[Extracted entries Boundary: Start]
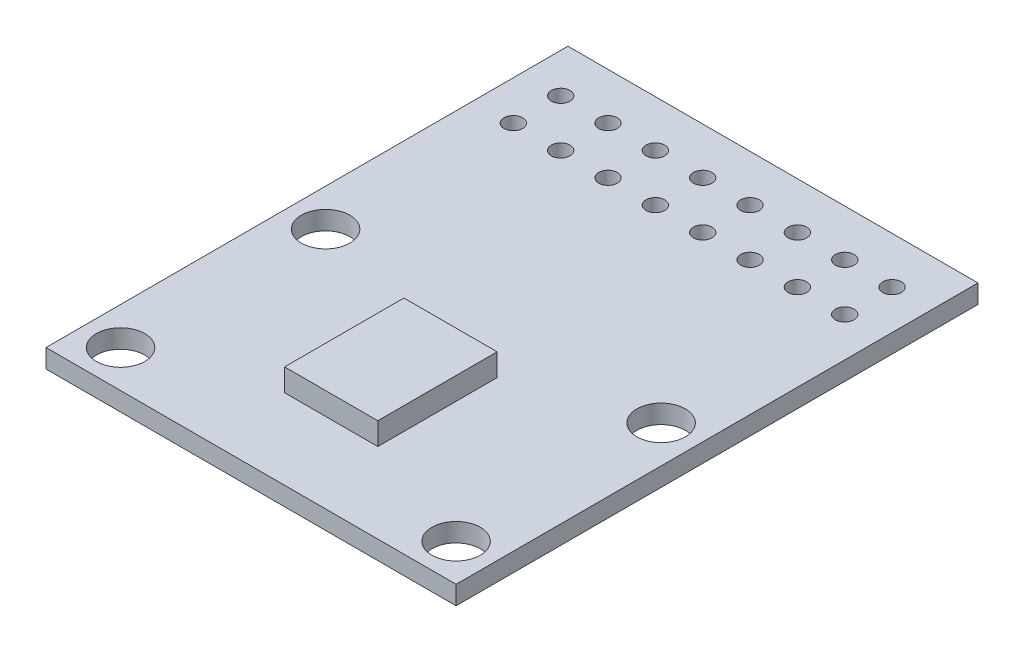
ISO-10303-21;
HEADER;
FILE_DESCRIPTION(('STEP AP214'),'2;1');
FILE_NAME('part.step','',(''),(''),'','','');
FILE_SCHEMA(('AUTOMOTIVE_DESIGN { 1 0 10303 214 1 1 1 1 }'));
ENDSEC;
DATA;
#1=APPLICATION_CONTEXT('core data for automotive mechanical design processes');
#2=APPLICATION_PROTOCOL_DEFINITION('international standard','automotive_design',2000,#1);
#3=PRODUCT_CONTEXT('',#1,'mechanical');
#4=PRODUCT('Part','Part','',(#3));
#5=PRODUCT_RELATED_PRODUCT_CATEGORY('part','',(#4));
#6=PRODUCT_DEFINITION_FORMATION('','',#4);
#7=PRODUCT_DEFINITION_CONTEXT('part definition',#1,'design');
#8=PRODUCT_DEFINITION('design','',#6,#7);
#9=PRODUCT_DEFINITION_SHAPE('','',#8);
#10=(LENGTH_UNIT() NAMED_UNIT(*) SI_UNIT(.MILLI.,.METRE.));
#11=(NAMED_UNIT(*) PLANE_ANGLE_UNIT() SI_UNIT($,.RADIAN.));
#12=(NAMED_UNIT(*) SI_UNIT($,.STERADIAN.) SOLID_ANGLE_UNIT());
#13=UNCERTAINTY_MEASURE_WITH_UNIT(LENGTH_MEASURE(1.E-05),#10,'distance_accuracy_value','');
#14=(GEOMETRIC_REPRESENTATION_CONTEXT(3) GLOBAL_UNCERTAINTY_ASSIGNED_CONTEXT((#13)) GLOBAL_UNIT_ASSIGNED_CONTEXT((#10,
#11,#12)) REPRESENTATION_CONTEXT('',''));
#15=CARTESIAN_POINT('',(0.,0.,0.));
#16=DIRECTION('',(0.,0.,1.));
#17=DIRECTION('',(1.,0.,0.));
#18=AXIS2_PLACEMENT_3D('',#15,#16,#17);
#19=CARTESIAN_POINT('',(0.,1.,0.));
#20=DIRECTION('',(0.,-1.,0.));
#21=DIRECTION('',(0.,0.,-1.));
#22=AXIS2_PLACEMENT_3D('',#19,#20,#21);
#23=PLANE('',#22);
#24=CARTESIAN_POINT('',(-8.89,1.,-18.));
#25=DIRECTION('',(0.,-1.,0.));
#26=DIRECTION('',(0.,0.,-1.));
#27=AXIS2_PLACEMENT_3D('',#24,#25,#26);
#28=CIRCLE('',#27,0.500000000000001);
#29=CARTESIAN_POINT('',(-8.89,1.,-18.5));
#30=VERTEX_POINT('',#29);
#31=EDGE_CURVE('E494',#30,#30,#28,.T.);
#32=ORIENTED_EDGE('',*,*,#31,.T.);
#33=EDGE_LOOP('',(#32));
#34=FACE_BOUND('',#33,.T.);
#35=CARTESIAN_POINT('',(8.89,1.,-18.));
#36=DIRECTION('',(0.,-1.,0.));
#37=DIRECTION('',(0.,0.,-1.));
#38=AXIS2_PLACEMENT_3D('',#35,#36,#37);
#39=CIRCLE('',#38,0.500000000000001);
#40=CARTESIAN_POINT('',(8.89,1.,-18.5));
#41=VERTEX_POINT('',#40);
#42=EDGE_CURVE('E498',#41,#41,#39,.T.);
#43=ORIENTED_EDGE('',*,*,#42,.T.);
#44=EDGE_LOOP('',(#43));
#45=FACE_BOUND('',#44,.T.);
#46=CARTESIAN_POINT('',(6.35,1.,-18.));
#47=DIRECTION('',(0.,-1.,0.));
#48=DIRECTION('',(0.,0.,-1.));
#49=AXIS2_PLACEMENT_3D('',#46,#47,#48);
#50=CIRCLE('',#49,0.500000000000001);
#51=CARTESIAN_POINT('',(6.35,1.,-18.5));
#52=VERTEX_POINT('',#51);
#53=EDGE_CURVE('E507',#52,#52,#50,.T.);
#54=ORIENTED_EDGE('',*,*,#53,.T.);
#55=EDGE_LOOP('',(#54));
#56=FACE_BOUND('',#55,.T.);
#57=CARTESIAN_POINT('',(3.81,1.,-18.));
#58=DIRECTION('',(0.,-1.,0.));
#59=DIRECTION('',(0.,0.,-1.));
#60=AXIS2_PLACEMENT_3D('',#57,#58,#59);
#61=CIRCLE('',#60,0.500000000000001);
#62=CARTESIAN_POINT('',(3.81,1.,-18.5));
#63=VERTEX_POINT('',#62);
#64=EDGE_CURVE('E513',#63,#63,#61,.T.);
#65=ORIENTED_EDGE('',*,*,#64,.T.);
#66=EDGE_LOOP('',(#65));
#67=FACE_BOUND('',#66,.T.);
#68=CARTESIAN_POINT('',(1.27,1.,-18.));
#69=DIRECTION('',(0.,-1.,0.));
#70=DIRECTION('',(0.,0.,-1.));
#71=AXIS2_PLACEMENT_3D('',#68,#69,#70);
#72=CIRCLE('',#71,0.500000000000001);
#73=CARTESIAN_POINT('',(1.27,1.,-18.5));
#74=VERTEX_POINT('',#73);
#75=EDGE_CURVE('E519',#74,#74,#72,.T.);
#76=ORIENTED_EDGE('',*,*,#75,.T.);
#77=EDGE_LOOP('',(#76));
#78=FACE_BOUND('',#77,.T.);
#79=CARTESIAN_POINT('',(-1.27,1.,-18.));
#80=DIRECTION('',(0.,-1.,0.));
#81=DIRECTION('',(0.,0.,-1.));
#82=AXIS2_PLACEMENT_3D('',#79,#80,#81);
#83=CIRCLE('',#82,0.500000000000001);
#84=CARTESIAN_POINT('',(-1.27,1.,-18.5));
#85=VERTEX_POINT('',#84);
#86=EDGE_CURVE('E525',#85,#85,#83,.T.);
#87=ORIENTED_EDGE('',*,*,#86,.T.);
#88=EDGE_LOOP('',(#87));
#89=FACE_BOUND('',#88,.T.);
#90=CARTESIAN_POINT('',(-3.81,1.,-18.));
#91=DIRECTION('',(0.,-1.,0.));
#92=DIRECTION('',(0.,0.,-1.));
#93=AXIS2_PLACEMENT_3D('',#90,#91,#92);
#94=CIRCLE('',#93,0.500000000000002);
#95=CARTESIAN_POINT('',(-3.81,1.,-18.5));
#96=VERTEX_POINT('',#95);
#97=EDGE_CURVE('E531',#96,#96,#94,.T.);
#98=ORIENTED_EDGE('',*,*,#97,.T.);
#99=EDGE_LOOP('',(#98));
#100=FACE_BOUND('',#99,.T.);
#101=CARTESIAN_POINT('',(-6.35,1.,-18.));
#102=DIRECTION('',(0.,-1.,0.));
#103=DIRECTION('',(0.,0.,-1.));
#104=AXIS2_PLACEMENT_3D('',#101,#102,#103);
#105=CIRCLE('',#104,0.500000000000001);
#106=CARTESIAN_POINT('',(-6.35,1.,-18.5));
#107=VERTEX_POINT('',#106);
#108=EDGE_CURVE('E537',#107,#107,#105,.T.);
#109=ORIENTED_EDGE('',*,*,#108,.T.);
#110=EDGE_LOOP('',(#109));
#111=FACE_BOUND('',#110,.T.);
#112=CARTESIAN_POINT('',(8.89000000000001,1.,-15.46));
#113=DIRECTION('',(0.,-1.,0.));
#114=DIRECTION('',(0.,0.,-1.));
#115=AXIS2_PLACEMENT_3D('',#112,#113,#114);
#116=CIRCLE('',#115,0.500000000000001);
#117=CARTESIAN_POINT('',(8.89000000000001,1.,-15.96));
[Extracted entries Boundary: End]
# What the exercise asks
Only one stretch of the entries above is wanted: the lines from the one containing "#10=(LENGTH_UNIT() NAMED_UNIT(*) SI_UNIT(.MILLI.,.METRE.));" through the one containing "#16=DIRECTION('',(0.,0.,1.));". Please reproduce it exactly.

# Written solution
#10=(LENGTH_UNIT() NAMED_UNIT(*) SI_UNIT(.MILLI.,.METRE.));
#11=(NAMED_UNIT(*) PLANE_ANGLE_UNIT() SI_UNIT($,.RADIAN.));
#12=(NAMED_UNIT(*) SI_UNIT($,.STERADIAN.) SOLID_ANGLE_UNIT());
#13=UNCERTAINTY_MEASURE_WITH_UNIT(LENGTH_MEASURE(1.E-05),#10,'distance_accuracy_value','');
#14=(GEOMETRIC_REPRESENTATION_CONTEXT(3) GLOBAL_UNCERTAINTY_ASSIGNED_CONTEXT((#13)) GLOBAL_UNIT_ASSIGNED_CONTEXT((#10,
#11,#12)) REPRESENTATION_CONTEXT('',''));
#15=CARTESIAN_POINT('',(0.,0.,0.));
#16=DIRECTION('',(0.,0.,1.));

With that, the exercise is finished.